Thompson noted that there is a lack of demand to support the estimated monthly inflation of altcoin supply of around $3 billion over the next one to two years. While some altcoins may still perform well, identifying these successful tokens will be more challenging than in previous years.
“Altcoins face relentless selling pressure. As we head into the summer months when trading volumes are inherently low, the combination of large token supply unlocking and selling pressure from venture capitalists could make this an uphill battle for most tokens ,” Thompson concluded.
Meanwhile, Will Clemente, co-founder of Reflexivity Research, reflected on how the market has matured. In 2020, investing in high-beta altcoins was a profitable strategy as these assets outperformed Bitcoin. However, this approach is no longer valid.
Many altcoins have underperformed Bitcoin in recent months, suggesting that market dynamics have changed.

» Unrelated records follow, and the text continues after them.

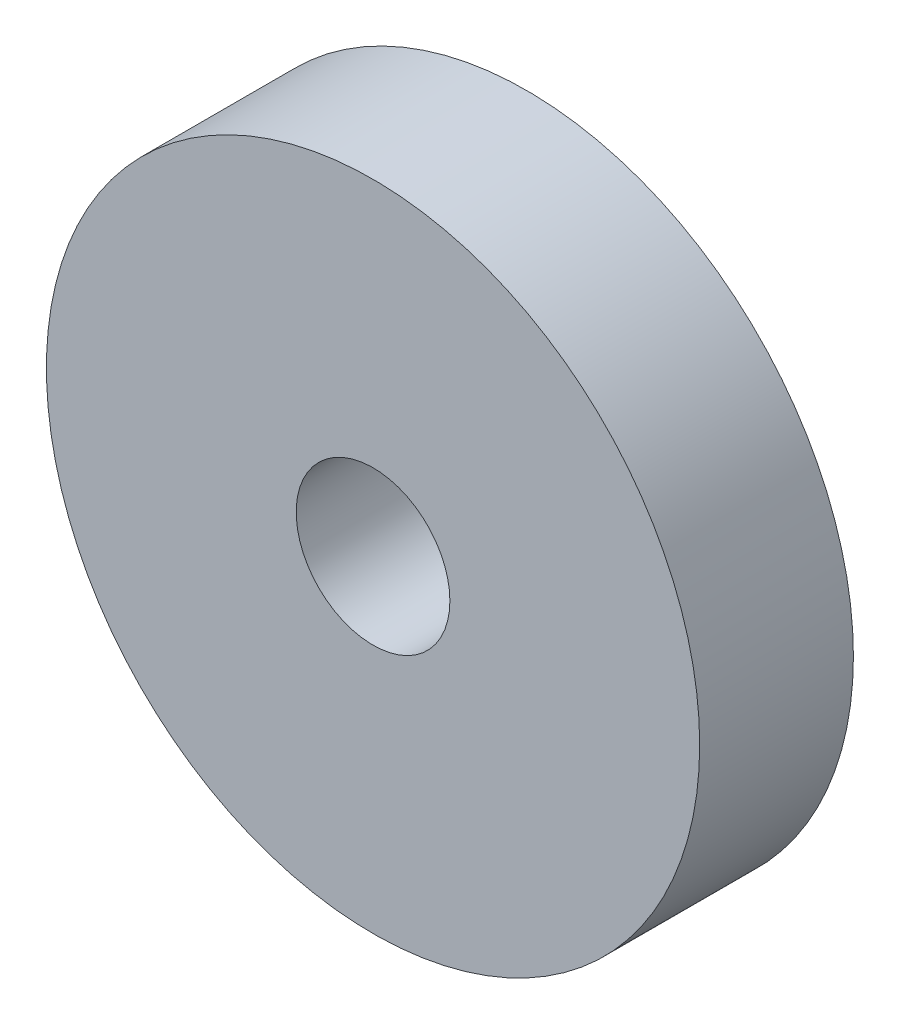
SolidWorks part; units mm, degrees
material "Rubber"
ref_plane "Front Plane" through (0, 0, 0) normal (0, 0, 1) x (1, 0, 0)
ref_plane "Top Plane" through (0, 0, 0) normal (0, 1, 0) x (1, 0, 0)
ref_plane "Right Plane" through (0, 0, 0) normal (1, 0, 0) x (0, 0, -1)
sketch "Sketch1" plane through (0, 0, 0) normal (0, 0, 1) x (1, 0, 0)
  circle A0 centre (0, 0) radius 0.5
  circle A1 centre (0, 0) radius 2.125
  dimension "D1" = 1
  dimension "D2" = 4.25
extrude "Boss-Extrude1" add sketch "Sketch1" along normal blind 1
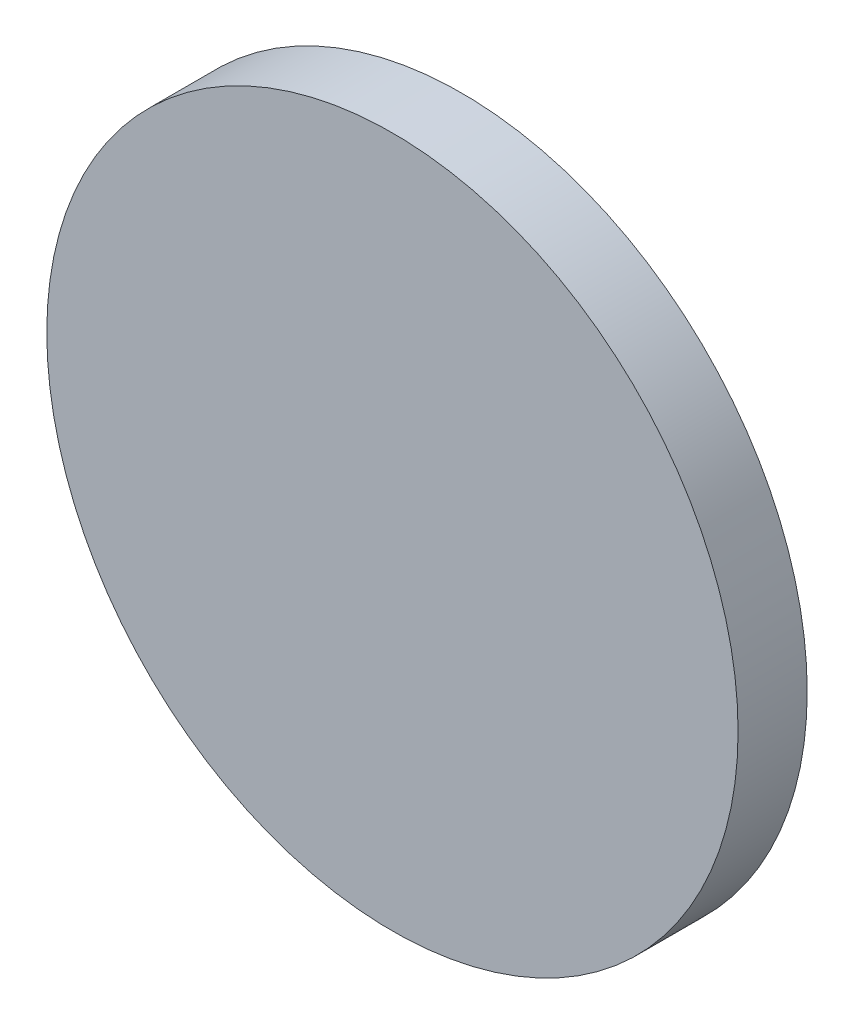
SolidWorks part; units mm, degrees
material "Glass"
ref_plane "Front Plane" through (0, 0, 0) normal (0, 0, 1) x (1, 0, 0)
ref_plane "Top Plane" through (0, 0, 0) normal (0, 1, 0) x (1, 0, 0)
ref_plane "Right Plane" through (0, 0, 0) normal (1, 0, 0) x (0, 0, -1)
sketch "Sketch1" plane through (0, 0, 0) normal (0, 0, 1) x (1, 0, 0)
  circle A0 centre (0, 0) radius 31.75
  dimension "D1" = 63.5
extrude "Boss-Extrude1" add sketch "Sketch1" along normal blind 6.35
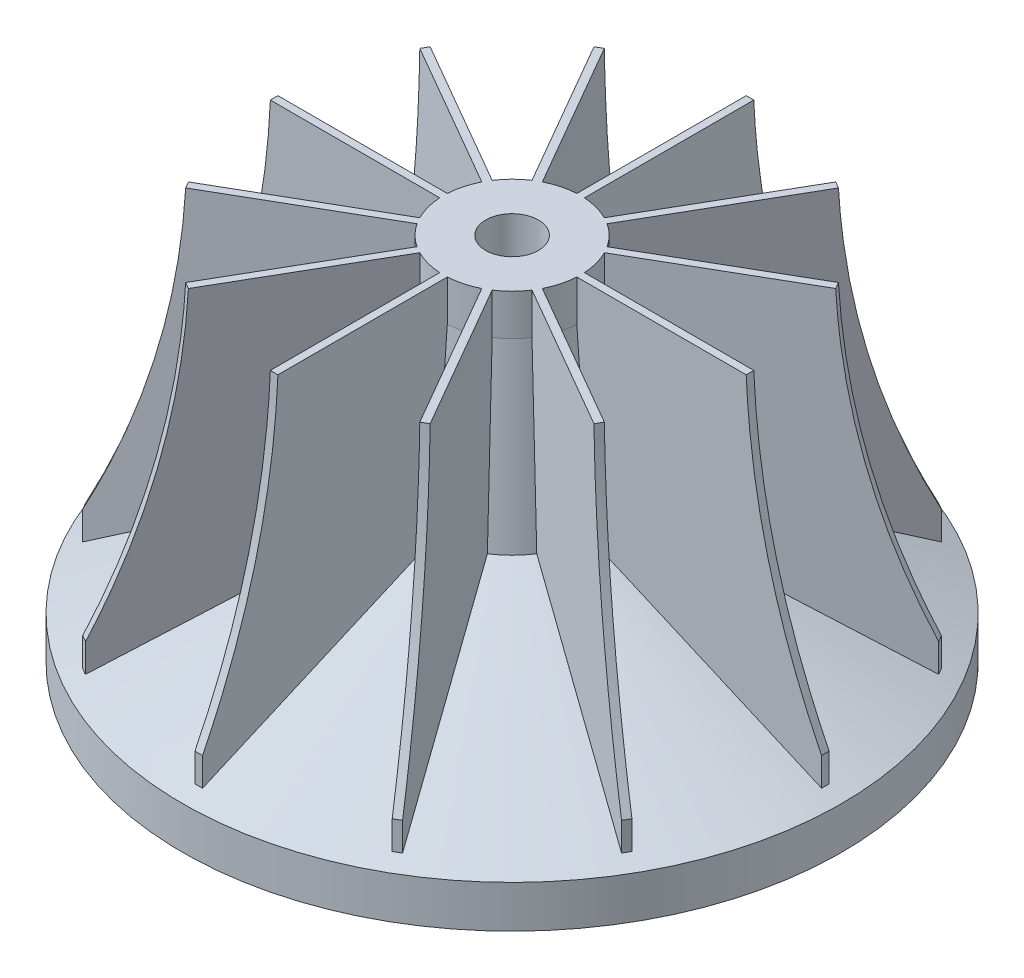
SolidWorks part; units mm, degrees
ref_plane "Front Plane" through (0, 0, 0) normal (0, 0, 1) x (1, 0, 0)
ref_plane "Top Plane" through (0, 0, 0) normal (0, 1, 0) x (1, 0, 0)
ref_plane "Right Plane" through (0, 0, 0) normal (1, 0, 0) x (0, 0, -1)
sketch "Sketch1" plane through (0, 0, 0) normal (0, 0, 1) x (1, 0, 0)
  line L7 (0, 0) -> (0, 37.1175) construction
  line L8 (0, 0) -> (-39.624, 0)
  line L9 (-39.624, 0) -> (-39.624, 5.08)
  line L11 (-39.624, 5.08) -> (-9.8229, 18.0693)
  line L12 (-9.8229, 18.0693) -> (-8.255, 39.5182)
  line L13 (-8.255, 39.5182) -> (-8.255, 44.45)
  line L14 (-8.255, 44.45) -> (0, 44.45)
  line L15 (0, 44.45) -> (0, 0)
  point P1 (-10.7068, 21.4281)
  point P10 (0, 0)
  point P11 (0, 0)
  point P12 (-34.3856, 5.08)
  point P13 (0, 0)
  point P14 (0, 0)
  point P15 (-34.4399, 5.08)
  point P16 (0, 0)
  point P17 (0, 0)
  point P18 (-34.4399, 5.08)
  point P19 (0, 0)
  point P20 (-34.4399, 5.08)
  point P21 (-34.4399, 5.08)
  point P22 (-39.624, 5.4462)
  point P23 (-9.8229, 18.0693)
  dimension "D1" = 39.624
  dimension "D2" = 8.255
  dimension "D3" = 44.45
  dimension "D4" = 5.08
revolve "Revolve1" add sketch "Sketch1" angle 360 about L7
ref_plane "Plane1" through (0, 44.45, 0) normal (0, 1, 0) x (1, 0, 0)
sketch "Sketch3" plane through (0, 44.45, 0) normal (0, 1, 0) x (1, 0, 0)
  line L6 (0.4559, -37.6702) -> (0.456, -8.2062)
  line L7 (-0.4559, -37.6702) -> (-0.4559, -8.2062)
  line L9 (-0.4559, -37.6702) -> (0.4559, -37.6702)
  line L12 (0, -55) -> (0, 55) construction
  circle A2 centre (0, 0) radius 8.255 construction
  spline S0 degree 2 poles (-0.4559, -8.2062) (0, -8.3038) (0.456, -8.2062) knots 0 0 0 1 1 1
  dimension "D1" = 29.464
extrude "Boss-Extrude5" add sketch "Sketch3" against normal up to next
pattern_circular "CirPattern8" count 12 over 360 about axis through (0, 0, 0) along (0, 1, 0) of "Boss-Extrude5"
sketch "Sketch7" plane through (0, 0, 0) normal (1, 0, 0) x (0, 0, -1)
  line L1 (-37.6702, 5.9304) -> (-37.6702, 44.45) construction
  line L2 (-42.1334, 53.4862) -> (-28.575, 53.4862)
  line L4 (0, 0) -> (0, 61.1174) construction
  line L6 (-42.1334, 53.4862) -> (-42.6847, 9.3395)
  line L7 (-42.6847, 9.3395) -> (-37.6702, 9.3395)
  line L8 (-28.575, 53.4862) -> (-28.575, 45.2583)
  spline S0 degree 2 poles (-28.575, 45.2583) (-29.26, 26.3077) (-37.6702, 9.3395) knots 0 0 0 1 1 1
  point P11 (-28.575, 45.2583)
  dimension "D1" = 28.575
revolve "Cut-Revolve3" cut sketch "Sketch7" angle 360 about L4
sketch "Sketch4" plane through (0, 0, 0) normal (1, 0, 0) x (0, 0, -1)
  line L5 (0, 0) -> (0, 72.6591) construction
  line L6 (-18.4402, 47.752) -> (-8.255, 47.752)
  line L8 (-8.255, 47.752) -> (-8.255, 53.2514)
  line L10 (-18.4402, 5.9304) -> (-18.4402, 9.3395) construction
  line L13 (-37.6702, 5.9304) -> (-37.6702, 9.3395) construction
  line L14 (-37.6702, 7.8709) -> (-37.6702, 53.2514)
  line L17 (-37.6702, 53.2514) -> (-8.255, 53.2514)
  arc A0 (-37.6702, 7.8709) -> (-18.4402, 47.752) centre (-68.3352, 47.2337) ccw
  dimension "D2" = 8.255
sketch "Sketch6" plane through (0, 44.45, 0) normal (0, 1, 0) x (1, 0, 0)
  circle A0 centre (0, 0) radius 3.175
  dimension "D1" = 6.35
extrude "Cut-Extrude1" cut sketch "Sketch6" against normal up to next
equation "\"1.90n\"=2"

"In 2020, if you think about risk, these things would have a higher beta than Bitcoin, you just had to go long all the fake news and all these things would go up. We are not seeing that this time. Many altcoins have been falling against Bitcoin for months, and it is not a matter of simply buying any fake altcoin and outperforming Bitcoin," Clemente stressed.
Technical analyst Michaël van de Poppe stressed that Bitcoin is close to or at its all-time high, while most altcoins have yet to reach their previous peaks. This divergence shows a lack of confidence in altcoins, which continue to struggle in the current market environment, suggesting that the days of easy profits in altcoins may be over.
Investors should be aware of the increased risk and consider the new scenario before making decisions in the cryptocurrency market.